Prompt - Take the line with "blk.add_mtext('\\A1;10', dxfattribs=at)" as the first line and the last line of the data as the final one. Write out those lines exactly, and no others.

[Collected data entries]
*** Block opens ***
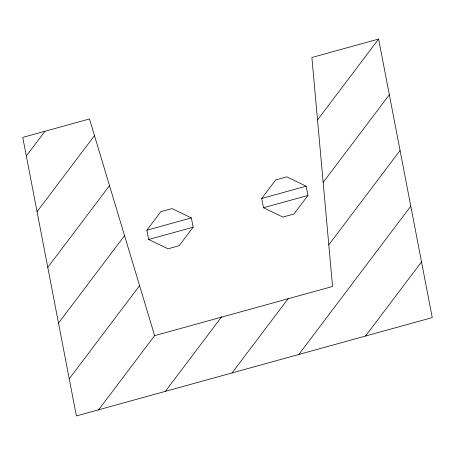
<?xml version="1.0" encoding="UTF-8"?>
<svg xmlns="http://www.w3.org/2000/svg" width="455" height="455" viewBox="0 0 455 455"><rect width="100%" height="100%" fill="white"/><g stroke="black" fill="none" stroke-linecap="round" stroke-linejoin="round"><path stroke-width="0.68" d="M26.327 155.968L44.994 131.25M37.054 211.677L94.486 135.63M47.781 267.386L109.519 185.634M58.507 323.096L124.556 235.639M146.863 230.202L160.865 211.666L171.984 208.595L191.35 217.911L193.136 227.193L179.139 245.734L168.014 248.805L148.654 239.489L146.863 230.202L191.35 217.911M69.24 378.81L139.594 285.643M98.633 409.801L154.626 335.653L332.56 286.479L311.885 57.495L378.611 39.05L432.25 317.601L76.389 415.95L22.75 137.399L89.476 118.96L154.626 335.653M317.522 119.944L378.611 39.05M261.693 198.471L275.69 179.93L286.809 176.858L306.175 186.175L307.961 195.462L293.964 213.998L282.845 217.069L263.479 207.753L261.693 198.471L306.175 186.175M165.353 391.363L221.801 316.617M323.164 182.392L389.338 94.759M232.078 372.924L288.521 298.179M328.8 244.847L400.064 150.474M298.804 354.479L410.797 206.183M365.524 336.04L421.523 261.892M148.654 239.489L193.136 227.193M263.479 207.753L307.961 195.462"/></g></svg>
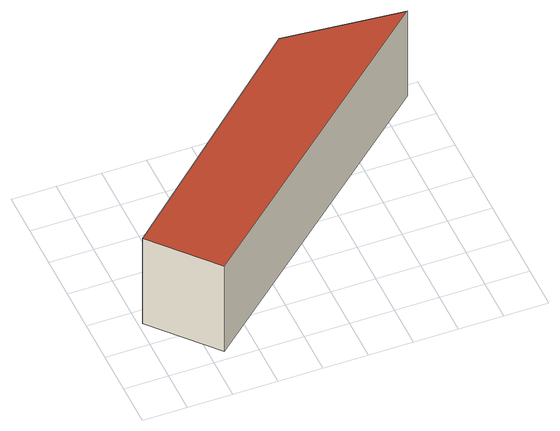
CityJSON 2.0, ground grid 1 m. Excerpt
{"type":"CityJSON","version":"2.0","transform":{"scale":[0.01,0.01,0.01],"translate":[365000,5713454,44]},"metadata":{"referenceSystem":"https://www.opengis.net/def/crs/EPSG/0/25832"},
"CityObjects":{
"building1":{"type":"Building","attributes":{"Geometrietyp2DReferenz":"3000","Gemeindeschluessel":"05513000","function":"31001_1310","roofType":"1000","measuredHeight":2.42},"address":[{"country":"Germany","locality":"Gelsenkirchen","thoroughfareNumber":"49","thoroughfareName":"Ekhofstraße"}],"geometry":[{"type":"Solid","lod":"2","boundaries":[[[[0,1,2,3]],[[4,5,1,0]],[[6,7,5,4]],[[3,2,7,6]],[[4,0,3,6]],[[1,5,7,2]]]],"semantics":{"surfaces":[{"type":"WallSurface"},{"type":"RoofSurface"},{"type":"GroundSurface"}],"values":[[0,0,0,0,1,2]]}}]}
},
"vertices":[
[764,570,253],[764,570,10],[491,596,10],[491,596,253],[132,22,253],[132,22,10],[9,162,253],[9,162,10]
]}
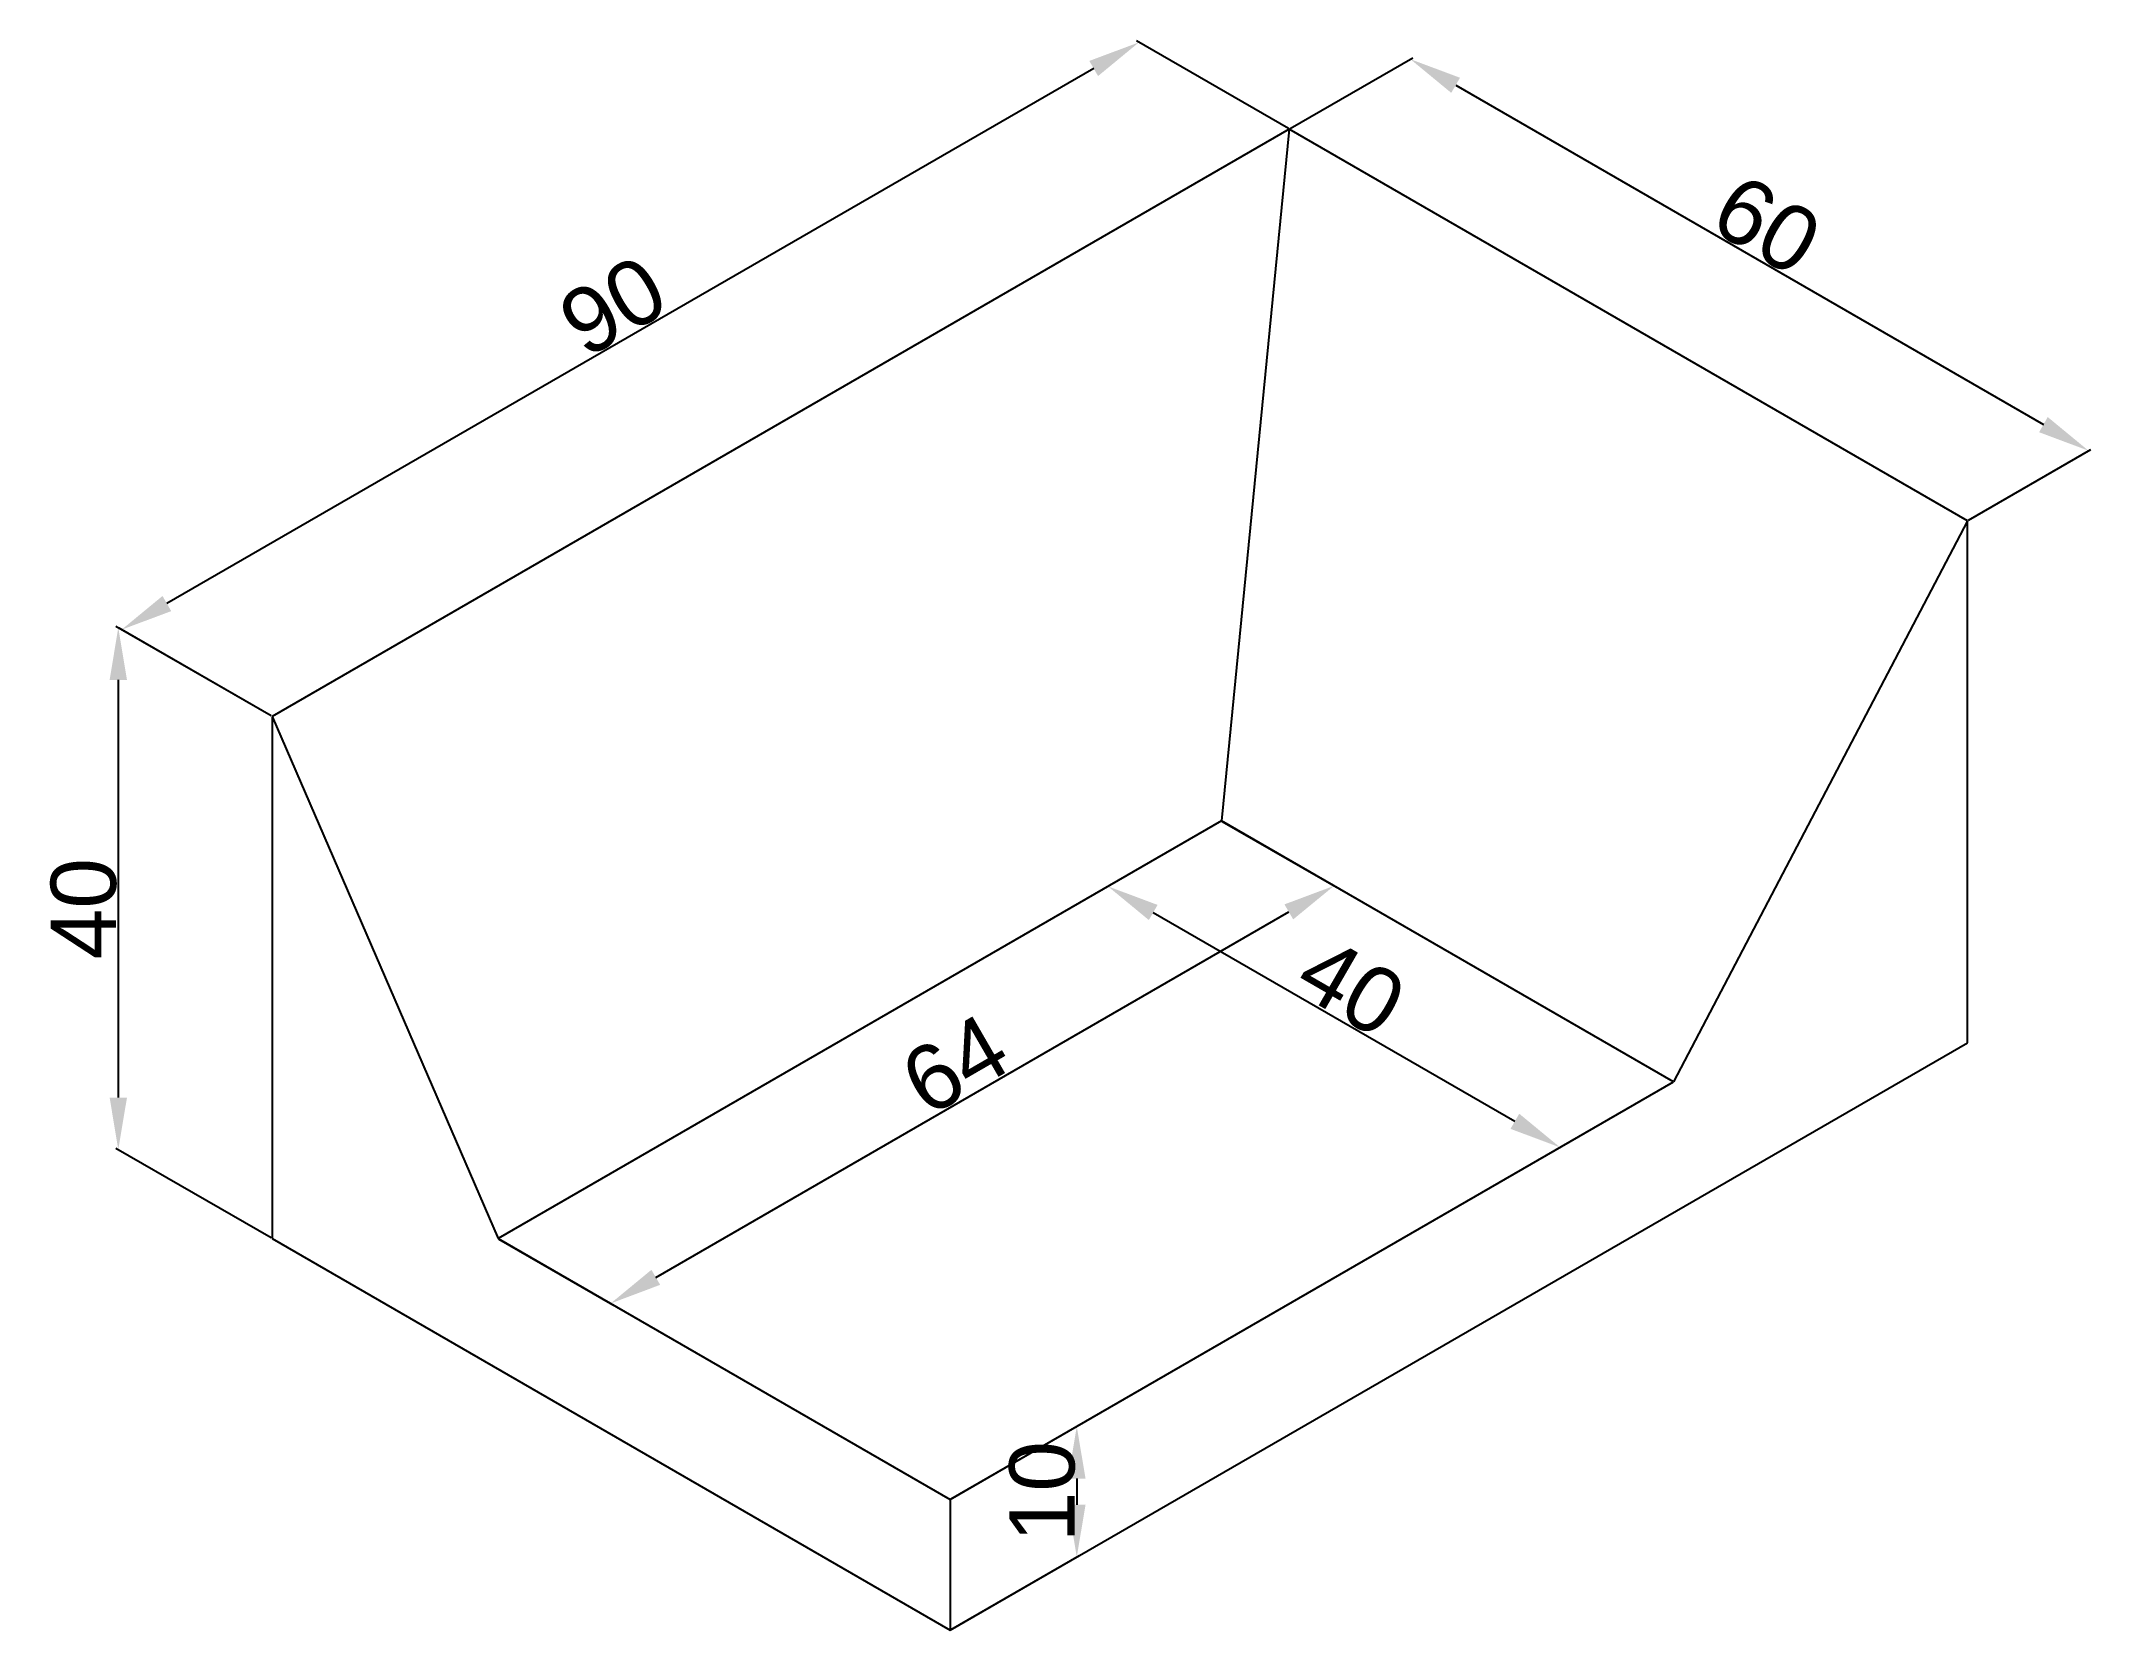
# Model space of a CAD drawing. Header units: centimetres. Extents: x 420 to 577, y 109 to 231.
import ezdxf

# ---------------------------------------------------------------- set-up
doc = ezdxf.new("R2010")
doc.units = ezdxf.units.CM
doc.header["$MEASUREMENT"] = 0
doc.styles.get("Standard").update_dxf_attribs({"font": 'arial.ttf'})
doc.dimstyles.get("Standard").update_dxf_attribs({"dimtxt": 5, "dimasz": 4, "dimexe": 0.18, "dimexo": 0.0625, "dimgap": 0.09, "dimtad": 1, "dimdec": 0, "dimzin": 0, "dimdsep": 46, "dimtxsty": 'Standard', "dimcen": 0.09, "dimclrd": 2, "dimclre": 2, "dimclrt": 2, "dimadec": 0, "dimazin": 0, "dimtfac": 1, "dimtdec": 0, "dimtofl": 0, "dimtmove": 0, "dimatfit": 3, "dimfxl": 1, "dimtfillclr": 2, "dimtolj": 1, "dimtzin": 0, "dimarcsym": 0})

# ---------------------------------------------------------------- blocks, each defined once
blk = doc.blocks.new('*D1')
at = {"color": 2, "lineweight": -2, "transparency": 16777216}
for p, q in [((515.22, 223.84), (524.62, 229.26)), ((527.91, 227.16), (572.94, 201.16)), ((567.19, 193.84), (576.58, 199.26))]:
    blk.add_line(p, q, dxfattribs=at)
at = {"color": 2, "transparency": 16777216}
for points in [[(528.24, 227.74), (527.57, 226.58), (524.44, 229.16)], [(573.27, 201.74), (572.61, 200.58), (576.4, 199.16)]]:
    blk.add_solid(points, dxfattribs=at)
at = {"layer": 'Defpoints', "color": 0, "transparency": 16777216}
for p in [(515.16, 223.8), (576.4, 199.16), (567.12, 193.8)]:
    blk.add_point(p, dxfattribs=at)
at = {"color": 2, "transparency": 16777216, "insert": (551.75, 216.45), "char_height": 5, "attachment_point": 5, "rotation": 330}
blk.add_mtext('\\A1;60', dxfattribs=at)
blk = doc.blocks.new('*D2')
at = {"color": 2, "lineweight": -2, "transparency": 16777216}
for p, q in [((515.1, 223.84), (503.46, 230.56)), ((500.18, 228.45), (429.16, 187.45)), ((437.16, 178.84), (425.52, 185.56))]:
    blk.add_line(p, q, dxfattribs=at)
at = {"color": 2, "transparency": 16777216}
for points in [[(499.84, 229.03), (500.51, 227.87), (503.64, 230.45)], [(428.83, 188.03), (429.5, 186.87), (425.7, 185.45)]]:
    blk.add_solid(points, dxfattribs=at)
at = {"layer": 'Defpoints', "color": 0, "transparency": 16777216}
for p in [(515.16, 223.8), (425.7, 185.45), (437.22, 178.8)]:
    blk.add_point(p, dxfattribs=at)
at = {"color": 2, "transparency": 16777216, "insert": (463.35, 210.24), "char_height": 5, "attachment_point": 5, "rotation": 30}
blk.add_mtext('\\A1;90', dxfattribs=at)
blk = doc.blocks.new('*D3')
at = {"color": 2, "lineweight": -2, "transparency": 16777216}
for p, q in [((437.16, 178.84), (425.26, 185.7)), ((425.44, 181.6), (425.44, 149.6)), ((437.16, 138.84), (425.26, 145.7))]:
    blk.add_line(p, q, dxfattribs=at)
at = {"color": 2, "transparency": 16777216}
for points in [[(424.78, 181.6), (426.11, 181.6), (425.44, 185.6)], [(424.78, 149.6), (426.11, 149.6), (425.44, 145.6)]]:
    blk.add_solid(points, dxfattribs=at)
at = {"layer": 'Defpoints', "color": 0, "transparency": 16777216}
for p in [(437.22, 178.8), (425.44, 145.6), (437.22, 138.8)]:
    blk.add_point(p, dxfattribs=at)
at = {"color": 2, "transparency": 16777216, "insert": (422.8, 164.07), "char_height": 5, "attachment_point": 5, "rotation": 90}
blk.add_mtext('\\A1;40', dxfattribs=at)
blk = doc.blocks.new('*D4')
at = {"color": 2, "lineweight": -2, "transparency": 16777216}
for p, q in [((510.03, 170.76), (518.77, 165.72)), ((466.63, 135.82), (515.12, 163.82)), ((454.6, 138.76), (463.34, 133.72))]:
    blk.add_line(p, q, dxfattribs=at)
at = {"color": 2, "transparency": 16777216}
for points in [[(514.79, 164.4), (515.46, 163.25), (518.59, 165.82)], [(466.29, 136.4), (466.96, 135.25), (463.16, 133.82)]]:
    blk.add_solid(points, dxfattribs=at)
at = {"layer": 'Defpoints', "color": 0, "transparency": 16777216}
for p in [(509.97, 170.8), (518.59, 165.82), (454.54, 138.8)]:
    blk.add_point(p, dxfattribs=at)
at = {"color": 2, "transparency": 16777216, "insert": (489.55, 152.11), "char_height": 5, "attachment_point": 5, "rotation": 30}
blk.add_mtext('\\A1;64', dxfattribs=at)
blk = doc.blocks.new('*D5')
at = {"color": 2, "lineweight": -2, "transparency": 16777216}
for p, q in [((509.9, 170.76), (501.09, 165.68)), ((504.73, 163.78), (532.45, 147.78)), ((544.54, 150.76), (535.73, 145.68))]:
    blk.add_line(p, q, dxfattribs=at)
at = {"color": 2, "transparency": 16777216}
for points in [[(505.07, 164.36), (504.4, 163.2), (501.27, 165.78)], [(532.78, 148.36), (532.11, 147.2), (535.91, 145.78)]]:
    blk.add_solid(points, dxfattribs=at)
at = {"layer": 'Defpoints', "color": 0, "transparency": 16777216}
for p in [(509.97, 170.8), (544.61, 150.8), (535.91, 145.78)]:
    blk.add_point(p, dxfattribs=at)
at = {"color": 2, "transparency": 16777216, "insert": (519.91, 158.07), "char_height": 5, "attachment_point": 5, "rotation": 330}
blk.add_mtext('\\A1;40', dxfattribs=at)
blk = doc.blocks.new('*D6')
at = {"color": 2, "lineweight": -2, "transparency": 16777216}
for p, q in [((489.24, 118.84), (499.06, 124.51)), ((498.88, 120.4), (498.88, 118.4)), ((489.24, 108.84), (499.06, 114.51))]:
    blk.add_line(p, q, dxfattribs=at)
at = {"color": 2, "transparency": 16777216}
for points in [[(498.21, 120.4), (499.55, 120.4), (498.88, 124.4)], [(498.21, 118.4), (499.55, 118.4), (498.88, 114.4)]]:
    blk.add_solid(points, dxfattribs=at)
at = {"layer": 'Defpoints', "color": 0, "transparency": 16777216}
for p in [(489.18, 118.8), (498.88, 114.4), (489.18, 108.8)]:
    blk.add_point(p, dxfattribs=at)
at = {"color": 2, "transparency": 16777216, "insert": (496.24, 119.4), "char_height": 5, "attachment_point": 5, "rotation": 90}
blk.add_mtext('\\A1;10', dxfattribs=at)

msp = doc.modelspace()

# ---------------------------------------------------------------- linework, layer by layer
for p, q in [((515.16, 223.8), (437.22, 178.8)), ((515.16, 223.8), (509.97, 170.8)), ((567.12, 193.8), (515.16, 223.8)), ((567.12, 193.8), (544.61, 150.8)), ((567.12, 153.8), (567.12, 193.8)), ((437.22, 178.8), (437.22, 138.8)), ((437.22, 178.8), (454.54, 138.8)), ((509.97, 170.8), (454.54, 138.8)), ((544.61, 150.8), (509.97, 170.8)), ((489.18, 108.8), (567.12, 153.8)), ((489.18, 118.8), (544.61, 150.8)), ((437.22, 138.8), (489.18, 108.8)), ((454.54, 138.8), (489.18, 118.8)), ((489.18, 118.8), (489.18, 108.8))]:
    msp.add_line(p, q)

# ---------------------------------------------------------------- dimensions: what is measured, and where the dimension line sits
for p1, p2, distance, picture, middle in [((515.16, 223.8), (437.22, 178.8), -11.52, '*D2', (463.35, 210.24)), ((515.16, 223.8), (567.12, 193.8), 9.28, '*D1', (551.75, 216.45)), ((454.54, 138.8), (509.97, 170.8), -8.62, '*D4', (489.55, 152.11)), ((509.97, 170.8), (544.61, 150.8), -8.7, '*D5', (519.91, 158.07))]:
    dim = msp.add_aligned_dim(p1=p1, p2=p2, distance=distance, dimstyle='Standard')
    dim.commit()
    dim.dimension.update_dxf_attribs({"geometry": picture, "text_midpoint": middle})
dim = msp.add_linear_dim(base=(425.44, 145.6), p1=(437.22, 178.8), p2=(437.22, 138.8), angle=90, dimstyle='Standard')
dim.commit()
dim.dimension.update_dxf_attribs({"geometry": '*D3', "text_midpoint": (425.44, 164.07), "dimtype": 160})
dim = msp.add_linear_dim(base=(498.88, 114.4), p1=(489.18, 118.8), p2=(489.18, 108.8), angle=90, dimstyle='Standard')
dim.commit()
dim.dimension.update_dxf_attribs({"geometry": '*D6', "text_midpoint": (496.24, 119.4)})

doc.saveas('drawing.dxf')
*** Block closes ***
Answer box -
blk.add_mtext('\\A1;10', dxfattribs=at)

msp = doc.modelspace()

# ---------------------------------------------------------------- linework, layer by layer
for p, q in [((515.16, 223.8), (437.22, 178.8)), ((515.16, 223.8), (509.97, 170.8)), ((567.12, 193.8), (515.16, 223.8)), ((567.12, 193.8), (544.61, 150.8)), ((567.12, 153.8), (567.12, 193.8)), ((437.22, 178.8), (437.22, 138.8)), ((437.22, 178.8), (454.54, 138.8)), ((509.97, 170.8), (454.54, 138.8)), ((544.61, 150.8), (509.97, 170.8)), ((489.18, 108.8), (567.12, 153.8)), ((489.18, 118.8), (544.61, 150.8)), ((437.22, 138.8), (489.18, 108.8)), ((454.54, 138.8), (489.18, 118.8)), ((489.18, 118.8), (489.18, 108.8))]:
    msp.add_line(p, q)

# ---------------------------------------------------------------- dimensions: what is measured, and where the dimension line sits
for p1, p2, distance, picture, middle in [((515.16, 223.8), (437.22, 178.8), -11.52, '*D2', (463.35, 210.24)), ((515.16, 223.8), (567.12, 193.8), 9.28, '*D1', (551.75, 216.45)), ((454.54, 138.8), (509.97, 170.8), -8.62, '*D4', (489.55, 152.11)), ((509.97, 170.8), (544.61, 150.8), -8.7, '*D5', (519.91, 158.07))]:
    dim = msp.add_aligned_dim(p1=p1, p2=p2, distance=distance, dimstyle='Standard')
    dim.commit()
    dim.dimension.update_dxf_attribs({"geometry": picture, "text_midpoint": middle})
dim = msp.add_linear_dim(base=(425.44, 145.6), p1=(437.22, 178.8), p2=(437.22, 138.8), angle=90, dimstyle='Standard')
dim.commit()
dim.dimension.update_dxf_attribs({"geometry": '*D3', "text_midpoint": (425.44, 164.07), "dimtype": 160})
dim = msp.add_linear_dim(base=(498.88, 114.4), p1=(489.18, 118.8), p2=(489.18, 108.8), angle=90, dimstyle='Standard')
dim.commit()
dim.dimension.update_dxf_attribs({"geometry": '*D6', "text_midpoint": (496.24, 119.4)})

doc.saveas('drawing.dxf')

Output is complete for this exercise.